AS WE all know from listening to the campaign rhetoric from candidates of both parties, the U.S. economy is in disastrous shape. China and Mexico are stealing jobs right and left — per Donald Trump — and most people are working “longer hours for lower wages” — according to Sen. Bernie Sanders (I-Vt).
But what if the gloom and doom are not true? It is correct that the United States experienced an epic downturn in 2008-2009, one from which the recovery did not follow the sharp, V-shaped pattern of past rebounds. Americans were badly scarred by the experience, making their sense of anxiety and frustration over the economy’s sluggish pace that much more acute. And there is a good deal of academic research to suggest that the U.S. economy may have entered a period of “secular stagnation” characterized by chronic low interest rates and reduced growth potential.
For all that, the recent data do not support an apocalyptic view of the U.S. economy. To the contrary: In certain key respects, the healing is substantial, including, most important, in the labor market. Not only has the headline unemployment rate dipped to 4.9 percent, a figure generally considered consistent with full employment, but also the puzzling downward trend in labor-force participation — the share of the working age population either in a job or seeking one — appears to have reversed as well.

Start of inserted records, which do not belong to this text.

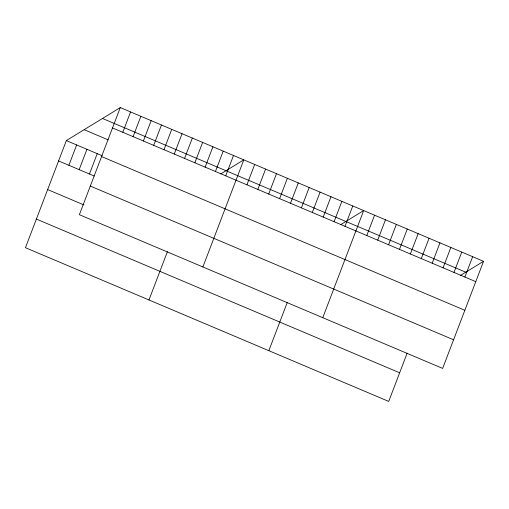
<?xml version="1.0" encoding="UTF-8"?>
<svg xmlns="http://www.w3.org/2000/svg" width="509" height="509" viewBox="0 0 509 509"><rect width="100%" height="100%" fill="white"/><g stroke="black" fill="none" stroke-linecap="round" stroke-linejoin="round"><path stroke-width="0.76" d="M120.277 107.577L79.379 214.696L442.645 368.414L483.55 261.302L120.277 107.577L66.355 140.586L25.45 247.698L388.723 401.423L407.162 353.125M68.874 165.298L76.643 144.944M79.169 169.65L86.937 149.296M89.457 174.008L97.232 153.654M122.803 132.289L130.571 111.935M133.091 136.641L140.866 116.287M143.385 140.999L151.16 120.646M153.68 145.351L161.448 125.004M163.968 149.71L171.743 129.356M174.263 154.068L182.037 133.714M184.557 158.42L192.326 138.066M194.852 162.778L202.62 142.425M148.965 299.966L167.404 251.669M205.14 167.13L212.915 146.777M215.434 171.488L223.203 151.135M225.729 175.84L233.497 155.487M202.887 266.958L243.792 159.845L220.76 173.944M246.916 184.812L254.691 164.458M257.815 189.418L265.59 169.071M268.714 194.031L276.489 173.677M279.613 198.644L287.381 178.29M290.512 203.256L298.28 182.903M301.411 207.869L309.179 187.516M312.303 212.482L320.078 192.128M268.841 350.695L287.286 302.397M323.202 217.088L330.977 196.735M334.101 221.701L341.876 201.348M345 226.314L352.775 205.96M322.77 317.686L363.668 210.573L340.636 224.673M366.798 235.54L374.567 215.186M377.697 240.146L385.466 219.793M388.59 244.759L396.365 224.405M399.489 249.372L407.264 229.018M410.388 253.985L418.163 233.631M421.287 258.597L429.062 238.244M432.186 263.204L439.961 242.85M443.084 267.817L450.853 247.463M453.983 272.43L461.752 252.076M464.882 277.042L472.651 256.689M460.518 275.401L483.55 261.302M102.481 118.47L465.754 272.194M112.508 127.931L475.775 281.655M84.15 129.693L108.162 139.854M66.355 140.586L102.035 155.684M101.571 156.562L464.844 310.286M58.58 160.939L94.26 176.038M90.309 186.065L453.583 339.783M47.649 189.571L84.017 204.962M36.381 219.067L399.654 372.792"/></g></svg>
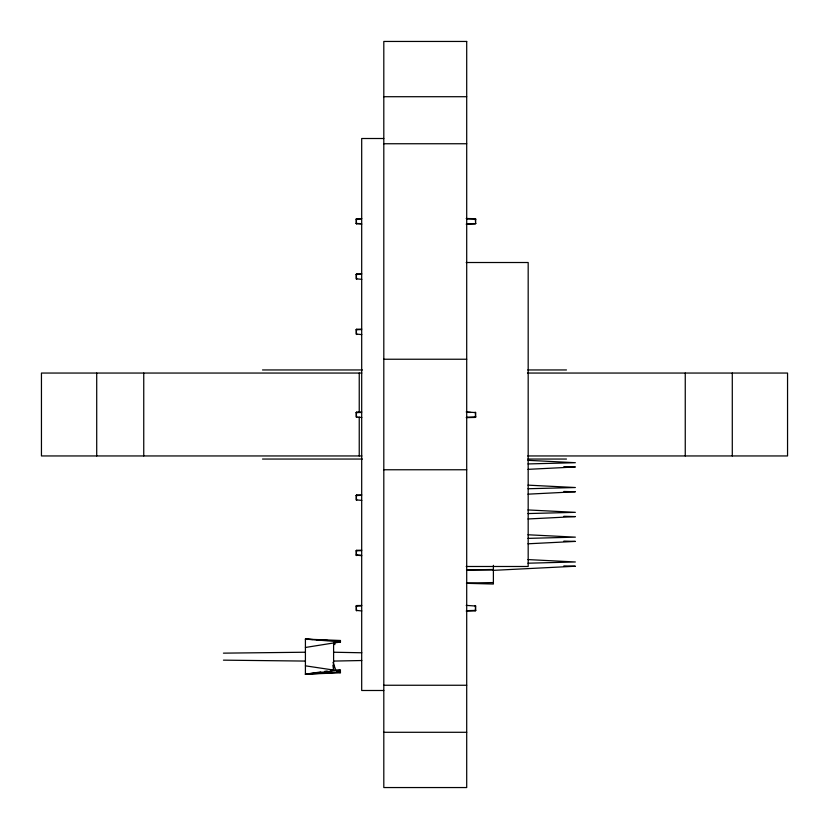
<?xml version="1.0" encoding="UTF-8"?>
<svg xmlns="http://www.w3.org/2000/svg" width="829" height="829" viewBox="0 0 829 829"><rect width="100%" height="100%" fill="white"/><g stroke="black" fill="none" stroke-linecap="round" stroke-linejoin="round"><path stroke-width="1.24" d="M361.786 224.068L356.076 223.519L356.667 218.69L361.786 218.607M361.786 273.881L356.667 273.953L356.076 278.782L361.786 279.342M361.786 329.144L356.667 329.227L356.076 334.046L361.786 334.605M361.786 412.044L356.667 412.127L356.076 416.946L361.786 417.505M361.786 494.944L356.667 495.027L356.076 499.846L361.786 500.405M361.786 555.679L356.076 555.119L356.667 550.29L361.786 550.218M361.786 605.481L356.667 605.553L356.076 610.382L361.786 610.942M475.494 221.581L475.794 219.167L475.204 218.69L466.188 218.504M466.188 417.609L475.204 417.433L475.794 412.604L466.188 411.94M466.188 611.046L475.204 610.869L475.794 606.04L466.188 605.377M356.667 223.996L356.076 219.167L356.667 218.69M356.667 279.259L356.076 274.44L356.667 273.953M475.204 218.69L475.794 223.519L475.204 223.996L466.188 224.182M356.667 334.533L356.076 329.704L356.667 329.227M356.667 417.433L356.076 412.604L356.667 412.127M356.667 500.333L356.076 495.504L356.667 495.027M475.204 417.433L475.794 416.946L475.204 412.127M356.667 555.596L356.076 550.767L356.667 550.29M356.667 610.869L356.076 606.04L356.667 605.553M475.204 610.869L475.794 610.382L475.204 605.553M334.895 644.641L333.6 643.252L340.512 640.485L305.414 639.107L305.414 674.195L340.512 672.816L338.211 671.894M333.6 643.252L340.512 641.18L338.004 641.024M337.061 642.558L340.512 641.864L305.414 639.107L307.973 639.48M305.414 647.47L340.512 641.864M340.512 672.122L305.414 674.195L320.792 671.936M324.636 671.376L327.196 670.993M331.04 670.433L340.512 670.05L305.414 674.195L312.937 673.531M305.414 674.195L311.828 673.583M315.673 673.21L320.802 672.723M315.445 673.314L321.714 672.754M329.227 672.091L331.735 671.863M336.75 671.428L340.512 671.086L337.061 670.568M527.969 469.349L575.367 466.965L563.834 466.665M527.969 494.167L575.367 491.773L563.834 491.473M527.969 518.975L575.367 516.591L563.834 516.291M527.969 543.793L575.367 541.41L563.834 541.109M493.39 570.352L575.367 566.228L563.834 565.927M466.924 223.799L475.794 223.519M466.924 417.225L475.794 416.946M466.924 610.662L475.794 610.382M527.969 463.939L575.367 462.706L527.969 460.323M527.969 488.747L575.367 487.525L527.969 485.141M527.969 513.565L575.367 512.332L527.969 509.949M527.969 538.384L575.367 537.151L527.969 534.767M527.969 563.202L575.367 561.969L527.969 559.585M356.076 219.167L361.247 219.053M356.076 274.44L361.247 274.316M356.076 329.704L361.247 329.579M356.076 412.604L361.247 412.479M356.076 495.504L361.247 495.379M356.076 550.767L361.247 550.653M356.076 606.04L361.247 605.916M333.6 661.076L361.807 660.526M493.39 569.471L466.478 569.937L493.39 569.958M466.478 583.025L493.39 582.559M223.436 653.148L305.414 652.226M383.806 96.713L466.706 96.713M383.806 138.505L361.693 138.505L361.693 690.495L383.806 690.495M383.806 143.749L466.706 143.749M466.188 262.513L528.177 262.513L528.177 566.487L466.188 566.487M383.806 359.237L466.706 359.237M262.513 369.952L362.408 369.952M527.814 369.952L566.487 369.952M361.796 373.05L41.45 373.05L41.45 455.95L361.89 455.95M527.493 373.05L787.55 373.05L787.55 455.95L527.741 455.95M262.513 459.048L362.408 459.048M527.814 459.048L566.487 459.048M383.806 469.763L466.706 469.763M383.806 685.251L466.706 685.251M383.806 732.287L466.706 732.287M223.436 660.153L305.414 661.076M333.6 652.226L361.807 652.775M356.076 223.519L361.247 223.633M356.076 555.119L361.247 555.233M466.478 583.326L493.39 584.03L493.39 565.347M466.924 218.887L475.794 219.167M466.924 412.324L470.727 412.448M305.414 639.107L312.937 639.553M316.699 639.77L327.973 640.434M305.414 665.832L333.6 670.05L333.6 642.838M333.02 662.35L335.797 670.122M332.916 665.096L333.6 670.05M732.287 373.05L732.287 455.95M685.251 373.05L685.251 455.95M359.237 373.05L359.237 411.909M359.237 417.091L359.237 455.95M143.749 373.05L143.749 455.95M96.713 373.05L96.713 455.95M466.706 41.45L383.806 41.45L383.806 787.55L466.706 787.55L466.706 41.45"/></g></svg>
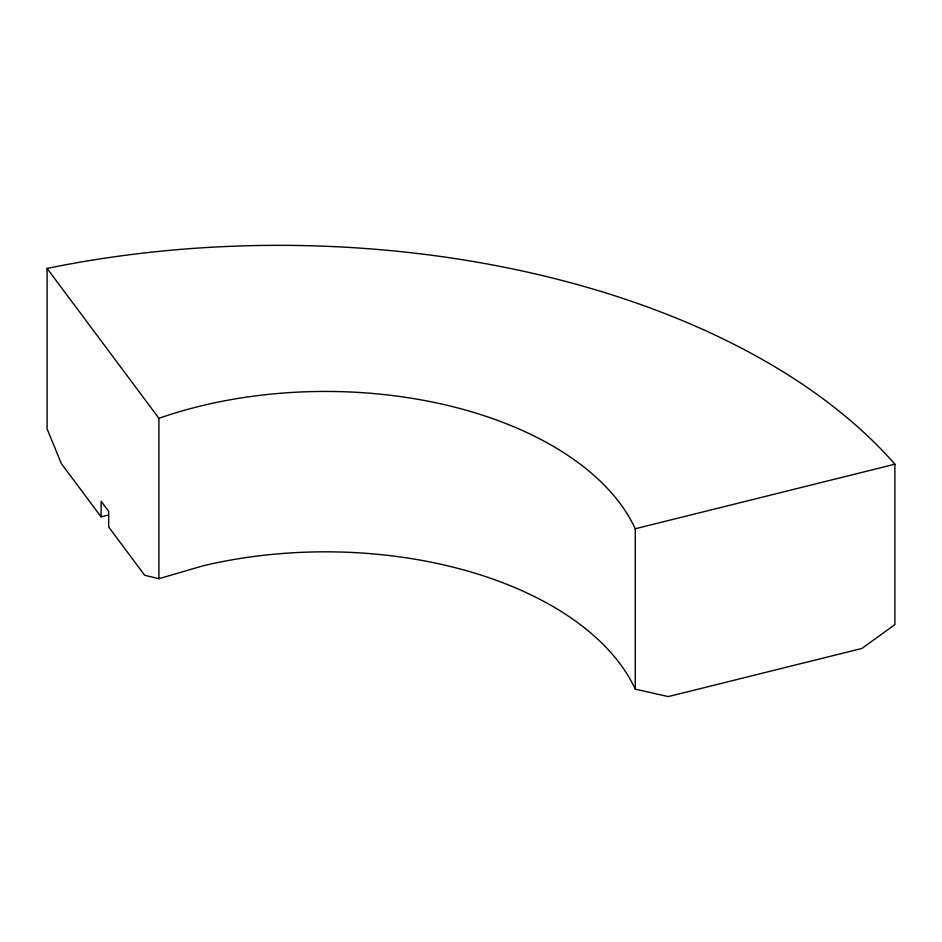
<?xml version="1.0" encoding="UTF-8"?>
<svg xmlns="http://www.w3.org/2000/svg" width="942" height="942" viewBox="0 0 942 942"><rect width="100%" height="100%" fill="white"/><g stroke="black" fill="none" stroke-linecap="round" stroke-linejoin="round"><path stroke-width="1.41" d="M101.112 516.864L101.112 501.215L108.695 511.388L108.695 527.025L144.703 575.303L158.915 578.706L203.119 565.801A320.833 185.233 0 0 1 635.273 689.144L668.29 696.585L861.906 648.449L894.9 624.593L894.9 464.194A690.474 398.643 0 0 0 47.1 268.423L47.1 428.81L61.312 463.511L101.112 516.864L108.189 515.109M47.1 268.423L158.915 418.319A320.833 185.233 0 0 1 635.273 528.756L894.9 464.194M635.273 528.756L635.273 689.144M158.915 418.319L158.915 578.706"/></g></svg>
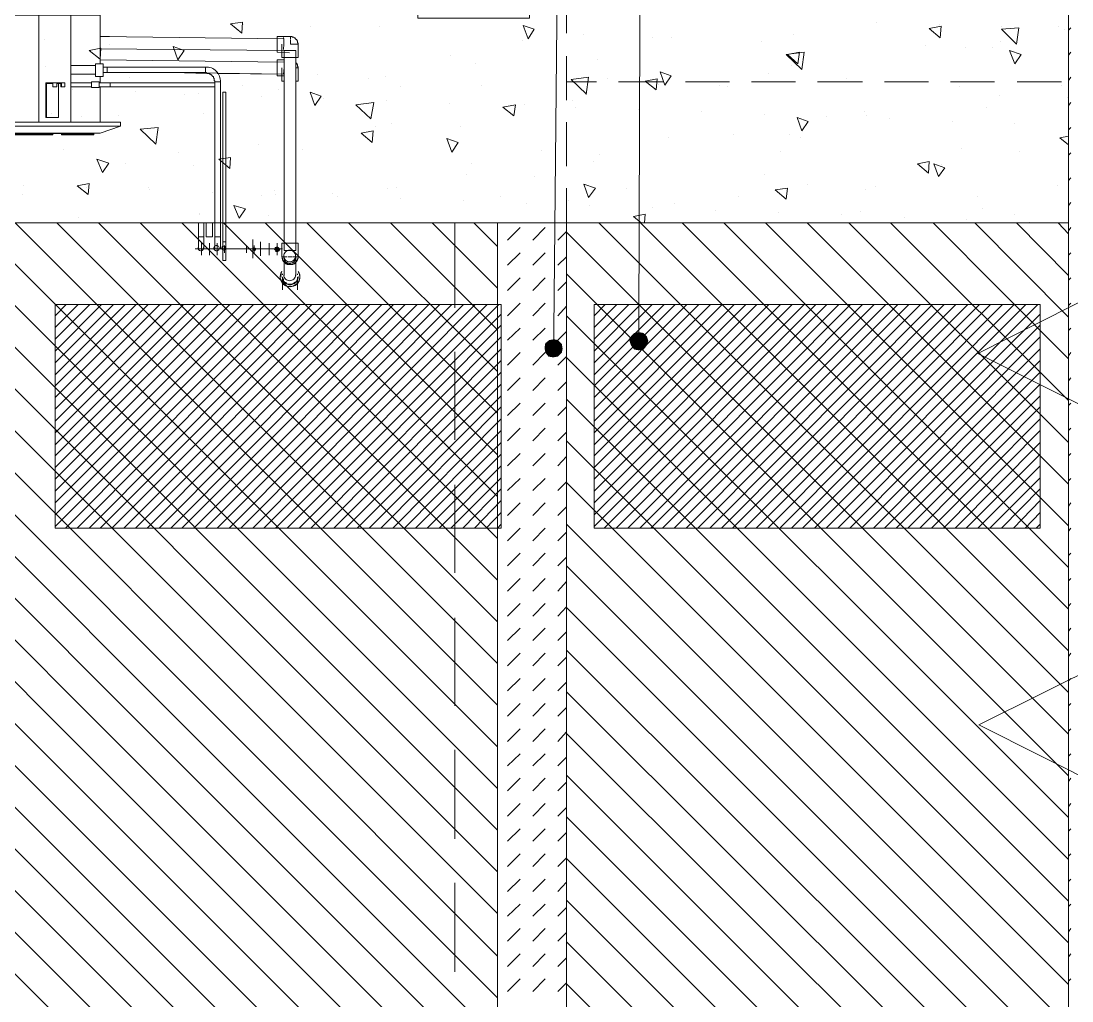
# Model space of a CAD drawing. Header units: millimetres. Extents: x -356862 to 418287, y 0 to 839748.
# Drawn here: x 349183 to 352011, y 784397 to 787034 of the extents above; entities that cross this region are included whole.
import ezdxf

# ---------------------------------------------------------------- set-up
doc = ezdxf.new("R2010")
doc.units = ezdxf.units.MM
doc.layers.add('PDF _Геометрия', color=7, linetype='Continuous', true_color=0xbababa)
doc.layers.add('PDF _Сплошная заливка', color=7, linetype='Continuous', true_color=0xf50000)

msp = doc.modelspace()

# ---------------------------------------------------------------- linework, layer by layer
at = {"layer": 'PDF _Геометрия', "color": 251, "lineweight": 20, "true_color": 0x545454}
for points in [[(350846.0026, 786196.353), (350846.0026, 786221.7562), (350854.4703, 788872.1594), (350947.6155, 788872.1594), (353801.2445, 788872.1594)], [(350617.3735, 786177.3006), (350617.3735, 786202.7038), (350638.5429, 788406.4336), (350547.5147, 788406.4336), (346159.1074, 788406.4336)]]:
    msp.add_lwpolyline(points, dxfattribs=at)
at = {"layer": 'PDF _Геометрия', "color": 7, "lineweight": 9}
for points in [[(341948.5227, 787267.5224), (341948.5227, 787449.5788), (341948.5227, 786490.607), (352001.8493, 786490.607), (352001.8493, 787449.5788), (352001.8493, 776246.7562)], [(350651.2445, 787000.7885), (350651.2445, 787119.3369)], [(350651.2445, 786820.849), (350651.2445, 786939.3974)], [(350651.2445, 786869.5385), (350731.688, 786869.5385)], [(350790.9622, 786869.5385), (350911.6276, 786869.5385)], [(350970.9018, 786869.5385), (351089.4501, 786869.5385)], [(351148.7243, 786869.5385), (351267.2727, 786869.5385)], [(351326.5469, 786869.5385), (351447.2122, 786869.5385)], [(351506.4864, 786869.5385), (351625.0348, 786869.5385)], [(351684.309, 786869.5385), (351802.8574, 786869.5385)], [(351864.2485, 786869.5385), (351982.7969, 786869.5385)], [(350651.2445, 786643.0264), (350651.2445, 786761.5748)], [(350651.2445, 786583.7522), (350651.2445, 786490.607), (350651.2445, 779367.1191)], [(350350.6397, 786490.607), (350350.6397, 786261.978)], [(350350.6397, 786143.4296), (350350.6397, 785906.3328)], [(350350.6397, 785785.6675), (350350.6397, 785548.5707)], [(350350.6397, 785427.9054), (350350.6397, 785190.8086)], [(350350.6397, 785072.2603), (350350.6397, 784833.0465)], [(350350.6397, 784714.4982), (350350.6397, 784475.2844)]]:
    msp.add_lwpolyline(points, dxfattribs=at)
at = {"layer": 'PDF _Геометрия', "color": 254, "lineweight": 5, "true_color": 0xdcdcdc}
for points in [[(352001.8493, 787449.5788), (352001.8493, 786490.607), (342060.7203, 786488.4901), (342060.7203, 787449.5788), (344249.6316, 787449.5788), (344249.6316, 787041.0103), (344550.2364, 787041.0103), (344550.2364, 787449.5788), (347251.4461, 787449.5788), (347251.4461, 787041.0103), (347549.934, 787041.0103), (347549.934, 787449.5788), (350251.1437, 787449.5788), (350251.1437, 787041.0103), (350551.7485, 787041.0103), (350551.7485, 787449.5788)], [(349747.313, 787026.1917), (349779.0671, 787030.4256), (349776.9501, 787000.7885)], [(350534.813, 787021.9578), (350564.4501, 787011.3732), (350547.5147, 786985.9699)], [(351627.1518, 787013.4901), (351658.9058, 787019.8409), (351656.7888, 786988.0869)], [(351868.4824, 787015.607), (351862.1316, 786971.1514), (351821.9098, 787011.3732)], [(349366.2647, 786954.2159), (349398.0187, 786960.5667), (349395.9018, 786930.9296)], [(349592.7768, 786964.8006), (349622.4138, 786954.2159), (349605.4784, 786928.8127)], [(351843.0792, 786954.2159), (351874.8332, 786943.6312), (351857.8977, 786918.228)], [(351290.559, 786949.982), (351284.2082, 786903.4094), (351241.8695, 786943.6312)], [(351246.1034, 786943.6312), (351277.8574, 786949.982), (351273.6235, 786918.228)], [(350862.938, 786871.6554), (350894.6921, 786878.0062), (350892.5751, 786848.3691)], [(350903.1598, 786897.0586), (350932.7969, 786886.474), (350915.8614, 786861.0707)], [(349961.1235, 786842.0183), (349990.7606, 786831.4336), (349973.8251, 786806.0304)], [(350132.5953, 786814.4982), (350124.1276, 786770.0425), (350083.9058, 786808.1474)], [(350479.7727, 786801.7965), (350513.6437, 786808.1474), (350509.4098, 786778.5103)], [(351271.5066, 786774.2764), (351301.1437, 786763.6917), (351284.2082, 786738.2885)], [(349552.555, 786746.7562), (349546.2042, 786702.3006), (349503.8655, 786742.5224)], [(350098.7243, 786731.9377), (350130.4784, 786738.2885), (350128.3614, 786706.5344)], [(350329.4703, 786717.1191), (350359.1074, 786706.5344), (350342.1719, 786681.1312)], [(349387.434, 786662.0788), (349419.188, 786651.4941), (349402.2526, 786626.0909)], [(349715.559, 786662.0788), (349747.313, 786666.3127), (349745.1961, 786636.6756)], [(351595.3977, 786649.3772), (351627.1518, 786655.728), (351625.0348, 786623.974)], [(351639.8534, 786649.3772), (351669.4905, 786638.7925), (351652.555, 786615.5062)], [(349334.5106, 786590.103), (349366.2647, 786596.4538), (349364.1477, 786566.8167)], [(350697.8171, 786594.3369), (350729.5711, 786583.7522), (350710.5187, 786558.349)], [(351212.2324, 786579.5183), (351246.1034, 786583.7522), (351241.8695, 786554.1151)], [(349755.7808, 786537.1796), (349787.5348, 786528.7119), (349770.5993, 786503.3086)]]:
    msp.add_lwpolyline(points, close=True, dxfattribs=at)
at = {"layer": 'PDF _Геометрия', "color": 252, "lineweight": 5, "true_color": 0x989898}
for points in [[(348555.4784, 786761.5748), (348555.4784, 787049.478), (348661.3251, 787049.478), (349230.7808, 787049.478), (349317.5751, 787049.478), (349395.9018, 787049.478), (349395.9018, 786918.228)], [(349230.7808, 787049.478), (349230.7808, 786761.5748)], [(349317.5751, 787049.478), (349317.5751, 786761.5748)], [(349891.2647, 786985.9699), (349395.9018, 786992.3207), (349421.305, 786992.3207)], [(349421.305, 786992.3207), (349421.305, 786992.3207)], [(349908.2001, 786983.853), (349908.2001, 786992.3207), (349872.2122, 786992.3207), (349872.2122, 786949.982), (349906.0832, 786947.8651)], [(349908.2001, 786992.3207), (349910.3171, 786992.3207), (349912.434, 786992.3207), (349912.434, 786990.2038), (349914.5509, 786990.2038), (349916.6679, 786990.2038), (349918.7848, 786988.0869), (349920.9018, 786988.0869), (349920.9018, 786985.9699), (349923.0187, 786985.9699), (349923.0187, 786983.853), (349925.1356, 786983.853), (349925.1356, 786981.7361), (349927.2526, 786979.6191), (349927.2526, 786977.5022), (349927.2526, 786975.3853), (349929.3695, 786973.2683), (349929.3695, 786971.1514), (349908.2001, 786971.1514), (349908.2001, 786981.7361)], [(349395.9018, 786958.4498), (349889.1477, 786954.2159)], [(349884.9138, 786971.1514), (349884.9138, 786935.1635), (349929.3695, 786935.1635), (349929.3695, 786971.1514), (349908.2001, 786971.1514)], [(349891.2647, 786954.2159), (349891.2647, 786416.5143)], [(349923.0187, 786416.5143), (349923.0187, 786954.2159)], [(349891.2647, 786922.4619), (349395.9018, 786928.8127)], [(349891.2647, 786928.8127), (349872.2122, 786928.8127), (349872.2122, 786886.474), (349891.2647, 786886.474)], [(349383.2001, 786913.9941), (349317.5751, 786913.9941)], [(349884.9138, 786907.6433), (349884.9138, 786871.6554), (349891.2647, 786871.6554)], [(349923.0187, 786920.3449), (349925.1356, 786920.3449), (349925.1356, 786918.228), (349927.2526, 786916.1111), (349927.2526, 786913.9941), (349927.2526, 786911.8772), (349929.3695, 786909.7603), (349929.3695, 786907.6433), (349923.0187, 786907.6433), (349929.3695, 786907.6433), (349929.3695, 786871.6554), (349923.0187, 786871.6554)], [(349317.5751, 786890.7078), (349383.2001, 786890.7078)], [(349704.9743, 786867.4215), (349395.9018, 786867.4215), (349395.9018, 786884.357)], [(349592.7768, 786894.9417), (349683.805, 786892.8248)], [(349711.3251, 786892.8248), (349889.1477, 786890.7078)], [(349292.1719, 786856.8369), (349292.1719, 786867.4215), (349300.6397, 786867.4215), (349300.6397, 786856.8369), (349292.1719, 786856.8369), (349290.055, 786856.8369), (349290.055, 786865.3046), (349283.7042, 786865.3046), (349279.4703, 786865.3046), (349283.7042, 786865.3046), (349283.7042, 786774.2764), (349251.9501, 786774.2764)], [(349268.8856, 786867.4215), (349279.4703, 786867.4215), (349279.4703, 786856.8369), (349268.8856, 786856.8369)], [(349268.8856, 786856.8369), (349268.8856, 786856.8369)], [(349279.4703, 786867.4215), (349283.7042, 786867.4215), (349292.1719, 786867.4215)], [(349281.5872, 786867.4215), (349281.5872, 786865.3046)], [(349372.6155, 786867.4215), (349317.5751, 786867.4215)], [(349317.5751, 786856.8369), (349372.6155, 786856.8369)], [(349393.7848, 786856.8369), (349423.4219, 786856.8369), (349423.4219, 786861.0707), (349423.4219, 786867.4215), (349393.7848, 786867.4215)], [(349395.9018, 786761.5748), (349395.9018, 786856.8369), (349704.9743, 786856.8369)], [(348500.438, 786750.9901), (348521.6074, 786750.9901), (349431.8897, 786750.9901), (349450.9421, 786750.9901), (349450.9421, 786761.5748), (349431.8897, 786761.5748), (348521.6074, 786761.5748), (348500.438, 786761.5748), (348500.438, 786750.9901), (348555.4784, 786731.9377), (348544.8937, 786736.1715)], [(348521.6074, 786750.9901), (348555.4784, 786750.9901), (349395.9018, 786750.9901), (349431.8897, 786750.9901)], [(349450.9421, 786750.9901), (349395.9018, 786731.9377), (349326.0429, 786731.9377), (348625.3372, 786731.9377), (348555.4784, 786731.9377), (348684.6114, 786729.8207), (348557.5953, 786731.9377)], [(349393.7848, 786731.9377), (349268.8856, 786729.8207), (349395.9018, 786731.9377), (349326.0429, 786731.9377), (348625.3372, 786731.9377), (348555.4784, 786731.9377)], [(349239.2485, 786729.8207), (349239.2485, 786727.7038)], [(349315.4582, 786729.8207), (349315.4582, 786727.7038)], [(349660.5187, 786490.607), (349660.5187, 786452.5022), (349668.9864, 786452.5022), (349675.3372, 786452.5022), (349675.3372, 786490.607)], [(349681.688, 786490.607), (349681.688, 786452.5022), (349690.1558, 786452.5022), (349698.6235, 786452.5022), (349698.6235, 786490.607)], [(349675.3372, 786420.7482), (349675.3372, 786422.8651), (349675.3372, 786424.982), (349675.3372, 786427.099), (349675.3372, 786429.2159), (349675.3372, 786431.3328), (349675.3372, 786433.4498), (349675.3372, 786435.5667), (349675.3372, 786437.6836), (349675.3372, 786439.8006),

Specifically, the rate has gone from 62.4 percent in September to 62.9 percent in February, according to Labor Department figures. This is still well below the pre-recession rate of 66.2 percent. However, much of the decline reflects structural factors, chiefly the aging of the population, and it is particularly encouraging that the recovery reflects the return of lower-skilled workers to the labor market, according to a recent Wells Fargo report. The Labor Department’s broadest measure of labor underutilization, known as the U-6 unemployment rate, has almost returned to its pre-recession average and would have come all the way back if not for elevated rates of people working part-time for economic reasons.
Increased labor force participation, in turn, reflects an improving wage picture. Though overall wages are growing at just above 2.2 percent — higher than the rate of inflation — wages for individuals employed at least 12 months are now growing at a median annual rate of 3.2 percent, according to the Federal Reserve Bank of Atlanta.
The U.S. economy is by no means performing as robustly as it did in, say, the 1960s or 1990s. Income inequality remains a serious issue, as do productivity and long-term growth. But overall, the picture is not only not dire but also consistent with continued gradual normalization of monetary policy by the Federal Reserve. The U.S. economy retains immense dynamism and restorative power, and there’s nothing in the current picture to justify radicalism — either in condemnations of the Obama administration or in proposals for the next one.